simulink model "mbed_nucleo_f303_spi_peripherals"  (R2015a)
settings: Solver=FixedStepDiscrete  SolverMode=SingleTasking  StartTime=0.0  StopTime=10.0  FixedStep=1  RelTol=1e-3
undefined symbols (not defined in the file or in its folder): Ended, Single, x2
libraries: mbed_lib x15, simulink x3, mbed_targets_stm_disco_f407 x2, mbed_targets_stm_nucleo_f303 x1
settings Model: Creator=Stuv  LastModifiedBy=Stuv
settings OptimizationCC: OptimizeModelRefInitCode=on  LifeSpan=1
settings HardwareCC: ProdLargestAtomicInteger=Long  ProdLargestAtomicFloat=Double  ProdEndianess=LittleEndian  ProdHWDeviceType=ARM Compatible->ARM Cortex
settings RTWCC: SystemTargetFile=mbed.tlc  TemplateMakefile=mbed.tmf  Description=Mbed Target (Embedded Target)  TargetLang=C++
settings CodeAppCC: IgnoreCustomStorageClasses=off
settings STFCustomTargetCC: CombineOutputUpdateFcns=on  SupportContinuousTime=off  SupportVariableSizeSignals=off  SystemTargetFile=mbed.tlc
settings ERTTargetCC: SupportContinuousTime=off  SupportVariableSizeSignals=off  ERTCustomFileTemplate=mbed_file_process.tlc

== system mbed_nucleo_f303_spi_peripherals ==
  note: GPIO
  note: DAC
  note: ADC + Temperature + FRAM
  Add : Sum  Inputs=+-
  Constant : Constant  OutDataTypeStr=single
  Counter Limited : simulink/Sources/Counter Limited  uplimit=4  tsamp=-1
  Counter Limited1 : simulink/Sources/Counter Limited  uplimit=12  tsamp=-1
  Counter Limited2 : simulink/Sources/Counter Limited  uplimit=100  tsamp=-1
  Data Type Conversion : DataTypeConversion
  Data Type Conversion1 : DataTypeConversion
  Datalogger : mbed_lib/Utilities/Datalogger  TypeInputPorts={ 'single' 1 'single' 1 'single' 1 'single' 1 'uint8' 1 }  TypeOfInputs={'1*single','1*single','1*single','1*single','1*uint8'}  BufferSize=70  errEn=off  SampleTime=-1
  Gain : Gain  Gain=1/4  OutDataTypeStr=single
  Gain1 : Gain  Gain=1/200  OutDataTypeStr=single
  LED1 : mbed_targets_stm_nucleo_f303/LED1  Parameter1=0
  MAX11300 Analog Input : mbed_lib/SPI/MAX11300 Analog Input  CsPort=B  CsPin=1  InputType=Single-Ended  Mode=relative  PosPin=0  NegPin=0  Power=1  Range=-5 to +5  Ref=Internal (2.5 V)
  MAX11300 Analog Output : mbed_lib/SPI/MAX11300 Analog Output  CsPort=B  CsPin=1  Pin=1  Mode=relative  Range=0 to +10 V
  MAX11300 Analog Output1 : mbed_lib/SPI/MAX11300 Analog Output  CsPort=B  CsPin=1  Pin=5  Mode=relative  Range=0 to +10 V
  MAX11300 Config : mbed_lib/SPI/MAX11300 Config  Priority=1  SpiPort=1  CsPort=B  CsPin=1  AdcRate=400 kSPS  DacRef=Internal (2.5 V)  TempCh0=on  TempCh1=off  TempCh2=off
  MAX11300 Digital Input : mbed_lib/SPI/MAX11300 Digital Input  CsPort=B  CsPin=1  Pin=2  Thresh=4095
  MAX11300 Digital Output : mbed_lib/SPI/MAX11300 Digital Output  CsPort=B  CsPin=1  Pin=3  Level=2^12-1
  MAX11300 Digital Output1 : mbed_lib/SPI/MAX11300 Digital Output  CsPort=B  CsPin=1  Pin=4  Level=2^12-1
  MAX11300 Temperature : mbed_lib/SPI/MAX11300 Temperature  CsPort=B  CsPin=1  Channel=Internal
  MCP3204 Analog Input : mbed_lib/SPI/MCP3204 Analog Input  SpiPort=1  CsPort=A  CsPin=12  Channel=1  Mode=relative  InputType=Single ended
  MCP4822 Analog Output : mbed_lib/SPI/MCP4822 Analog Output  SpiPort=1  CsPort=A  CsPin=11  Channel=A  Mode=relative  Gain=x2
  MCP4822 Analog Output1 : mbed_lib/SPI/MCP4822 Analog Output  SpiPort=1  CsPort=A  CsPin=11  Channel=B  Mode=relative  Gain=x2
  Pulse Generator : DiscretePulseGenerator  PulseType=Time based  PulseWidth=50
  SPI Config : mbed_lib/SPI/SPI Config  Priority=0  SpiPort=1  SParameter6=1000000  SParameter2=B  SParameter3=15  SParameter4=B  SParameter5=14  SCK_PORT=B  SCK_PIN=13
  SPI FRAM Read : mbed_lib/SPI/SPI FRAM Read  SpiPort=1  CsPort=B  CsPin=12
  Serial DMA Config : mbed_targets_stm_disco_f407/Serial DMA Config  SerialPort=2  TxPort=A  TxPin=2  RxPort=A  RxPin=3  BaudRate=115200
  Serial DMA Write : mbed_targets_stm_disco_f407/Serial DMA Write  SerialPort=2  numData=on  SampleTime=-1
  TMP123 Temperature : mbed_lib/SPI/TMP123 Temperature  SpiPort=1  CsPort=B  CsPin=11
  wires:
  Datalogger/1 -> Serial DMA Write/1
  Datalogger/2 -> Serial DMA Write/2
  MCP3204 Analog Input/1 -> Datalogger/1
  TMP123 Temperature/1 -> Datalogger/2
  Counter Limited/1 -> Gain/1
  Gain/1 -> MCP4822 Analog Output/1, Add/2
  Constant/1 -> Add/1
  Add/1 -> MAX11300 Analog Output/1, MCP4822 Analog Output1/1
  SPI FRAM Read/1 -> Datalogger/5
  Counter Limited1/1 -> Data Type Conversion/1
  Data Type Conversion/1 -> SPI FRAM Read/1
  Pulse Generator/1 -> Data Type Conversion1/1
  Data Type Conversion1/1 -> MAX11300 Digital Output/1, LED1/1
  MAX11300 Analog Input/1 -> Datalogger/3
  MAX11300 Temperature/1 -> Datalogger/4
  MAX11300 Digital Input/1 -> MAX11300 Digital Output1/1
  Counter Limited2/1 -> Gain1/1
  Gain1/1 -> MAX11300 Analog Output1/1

************

* [Work task]:
Please transcribe the records in full, keeping every word as it is.

* [Result for this task]:
simulink model "mbed_nucleo_f303_spi_peripherals"  (R2015a)
settings: Solver=FixedStepDiscrete  SolverMode=SingleTasking  StartTime=0.0  StopTime=10.0  FixedStep=1  RelTol=1e-3
undefined symbols (not defined in the file or in its folder): Ended, Single, x2
libraries: mbed_lib x15, simulink x3, mbed_targets_stm_disco_f407 x2, mbed_targets_stm_nucleo_f303 x1
settings Model: Creator=Stuv  LastModifiedBy=Stuv
settings OptimizationCC: OptimizeModelRefInitCode=on  LifeSpan=1
settings HardwareCC: ProdLargestAtomicInteger=Long  ProdLargestAtomicFloat=Double  ProdEndianess=LittleEndian  ProdHWDeviceType=ARM Compatible->ARM Cortex
settings RTWCC: SystemTargetFile=mbed.tlc  TemplateMakefile=mbed.tmf  Description=Mbed Target (Embedded Target)  TargetLang=C++
settings CodeAppCC: IgnoreCustomStorageClasses=off
settings STFCustomTargetCC: CombineOutputUpdateFcns=on  SupportContinuousTime=off  SupportVariableSizeSignals=off  SystemTargetFile=mbed.tlc
settings ERTTargetCC: SupportContinuousTime=off  SupportVariableSizeSignals=off  ERTCustomFileTemplate=mbed_file_process.tlc

== system mbed_nucleo_f303_spi_peripherals ==
  note: GPIO
  note: DAC
  note: ADC + Temperature + FRAM
  Add : Sum  Inputs=+-
  Constant : Constant  OutDataTypeStr=single
  Counter Limited : simulink/Sources/Counter Limited  uplimit=4  tsamp=-1
  Counter Limited1 : simulink/Sources/Counter Limited  uplimit=12  tsamp=-1
  Counter Limited2 : simulink/Sources/Counter Limited  uplimit=100  tsamp=-1
  Data Type Conversion : DataTypeConversion
  Data Type Conversion1 : DataTypeConversion
  Datalogger : mbed_lib/Utilities/Datalogger  TypeInputPorts={ 'single' 1 'single' 1 'single' 1 'single' 1 'uint8' 1 }  TypeOfInputs={'1*single','1*single','1*single','1*single','1*uint8'}  BufferSize=70  errEn=off  SampleTime=-1
  Gain : Gain  Gain=1/4  OutDataTypeStr=single
  Gain1 : Gain  Gain=1/200  OutDataTypeStr=single
  LED1 : mbed_targets_stm_nucleo_f303/LED1  Parameter1=0
  MAX11300 Analog Input : mbed_lib/SPI/MAX11300 Analog Input  CsPort=B  CsPin=1  InputType=Single-Ended  Mode=relative  PosPin=0  NegPin=0  Power=1  Range=-5 to +5  Ref=Internal (2.5 V)
  MAX11300 Analog Output : mbed_lib/SPI/MAX11300 Analog Output  CsPort=B  CsPin=1  Pin=1  Mode=relative  Range=0 to +10 V
  MAX11300 Analog Output1 : mbed_lib/SPI/MAX11300 Analog Output  CsPort=B  CsPin=1  Pin=5  Mode=relative  Range=0 to +10 V
  MAX11300 Config : mbed_lib/SPI/MAX11300 Config  Priority=1  SpiPort=1  CsPort=B  CsPin=1  AdcRate=400 kSPS  DacRef=Internal (2.5 V)  TempCh0=on  TempCh1=off  TempCh2=off
  MAX11300 Digital Input : mbed_lib/SPI/MAX11300 Digital Input  CsPort=B  CsPin=1  Pin=2  Thresh=4095
  MAX11300 Digital Output : mbed_lib/SPI/MAX11300 Digital Output  CsPort=B  CsPin=1  Pin=3  Level=2^12-1
  MAX11300 Digital Output1 : mbed_lib/SPI/MAX11300 Digital Output  CsPort=B  CsPin=1  Pin=4  Level=2^12-1
  MAX11300 Temperature : mbed_lib/SPI/MAX11300 Temperature  CsPort=B  CsPin=1  Channel=Internal
  MCP3204 Analog Input : mbed_lib/SPI/MCP3204 Analog Input  SpiPort=1  CsPort=A  CsPin=12  Channel=1  Mode=relative  InputType=Single ended
  MCP4822 Analog Output : mbed_lib/SPI/MCP4822 Analog Output  SpiPort=1  CsPort=A  CsPin=11  Channel=A  Mode=relative  Gain=x2
  MCP4822 Analog Output1 : mbed_lib/SPI/MCP4822 Analog Output  SpiPort=1  CsPort=A  CsPin=11  Channel=B  Mode=relative  Gain=x2
  Pulse Generator : DiscretePulseGenerator  PulseType=Time based  PulseWidth=50
  SPI Config : mbed_lib/SPI/SPI Config  Priority=0  SpiPort=1  SParameter6=1000000  SParameter2=B  SParameter3=15  SParameter4=B  SParameter5=14  SCK_PORT=B  SCK_PIN=13
  SPI FRAM Read : mbed_lib/SPI/SPI FRAM Read  SpiPort=1  CsPort=B  CsPin=12
  Serial DMA Config : mbed_targets_stm_disco_f407/Serial DMA Config  SerialPort=2  TxPort=A  TxPin=2  RxPort=A  RxPin=3  BaudRate=115200
  Serial DMA Write : mbed_targets_stm_disco_f407/Serial DMA Write  SerialPort=2  numData=on  SampleTime=-1
  TMP123 Temperature : mbed_lib/SPI/TMP123 Temperature  SpiPort=1  CsPort=B  CsPin=11
  wires:
  Datalogger/1 -> Serial DMA Write/1
  Datalogger/2 -> Serial DMA Write/2
  MCP3204 Analog Input/1 -> Datalogger/1
  TMP123 Temperature/1 -> Datalogger/2
  Counter Limited/1 -> Gain/1
  Gain/1 -> MCP4822 Analog Output/1, Add/2
  Constant/1 -> Add/1
  Add/1 -> MAX11300 Analog Output/1, MCP4822 Analog Output1/1
  SPI FRAM Read/1 -> Datalogger/5
  Counter Limited1/1 -> Data Type Conversion/1
  Data Type Conversion/1 -> SPI FRAM Read/1
  Pulse Generator/1 -> Data Type Conversion1/1
  Data Type Conversion1/1 -> MAX11300 Digital Output/1, LED1/1
  MAX11300 Analog Input/1 -> Datalogger/3
  MAX11300 Temperature/1 -> Datalogger/4
  MAX11300 Digital Input/1 -> MAX11300 Digital Output1/1
  Counter Limited2/1 -> Gain1/1
  Gain1/1 -> MAX11300 Analog Output1/1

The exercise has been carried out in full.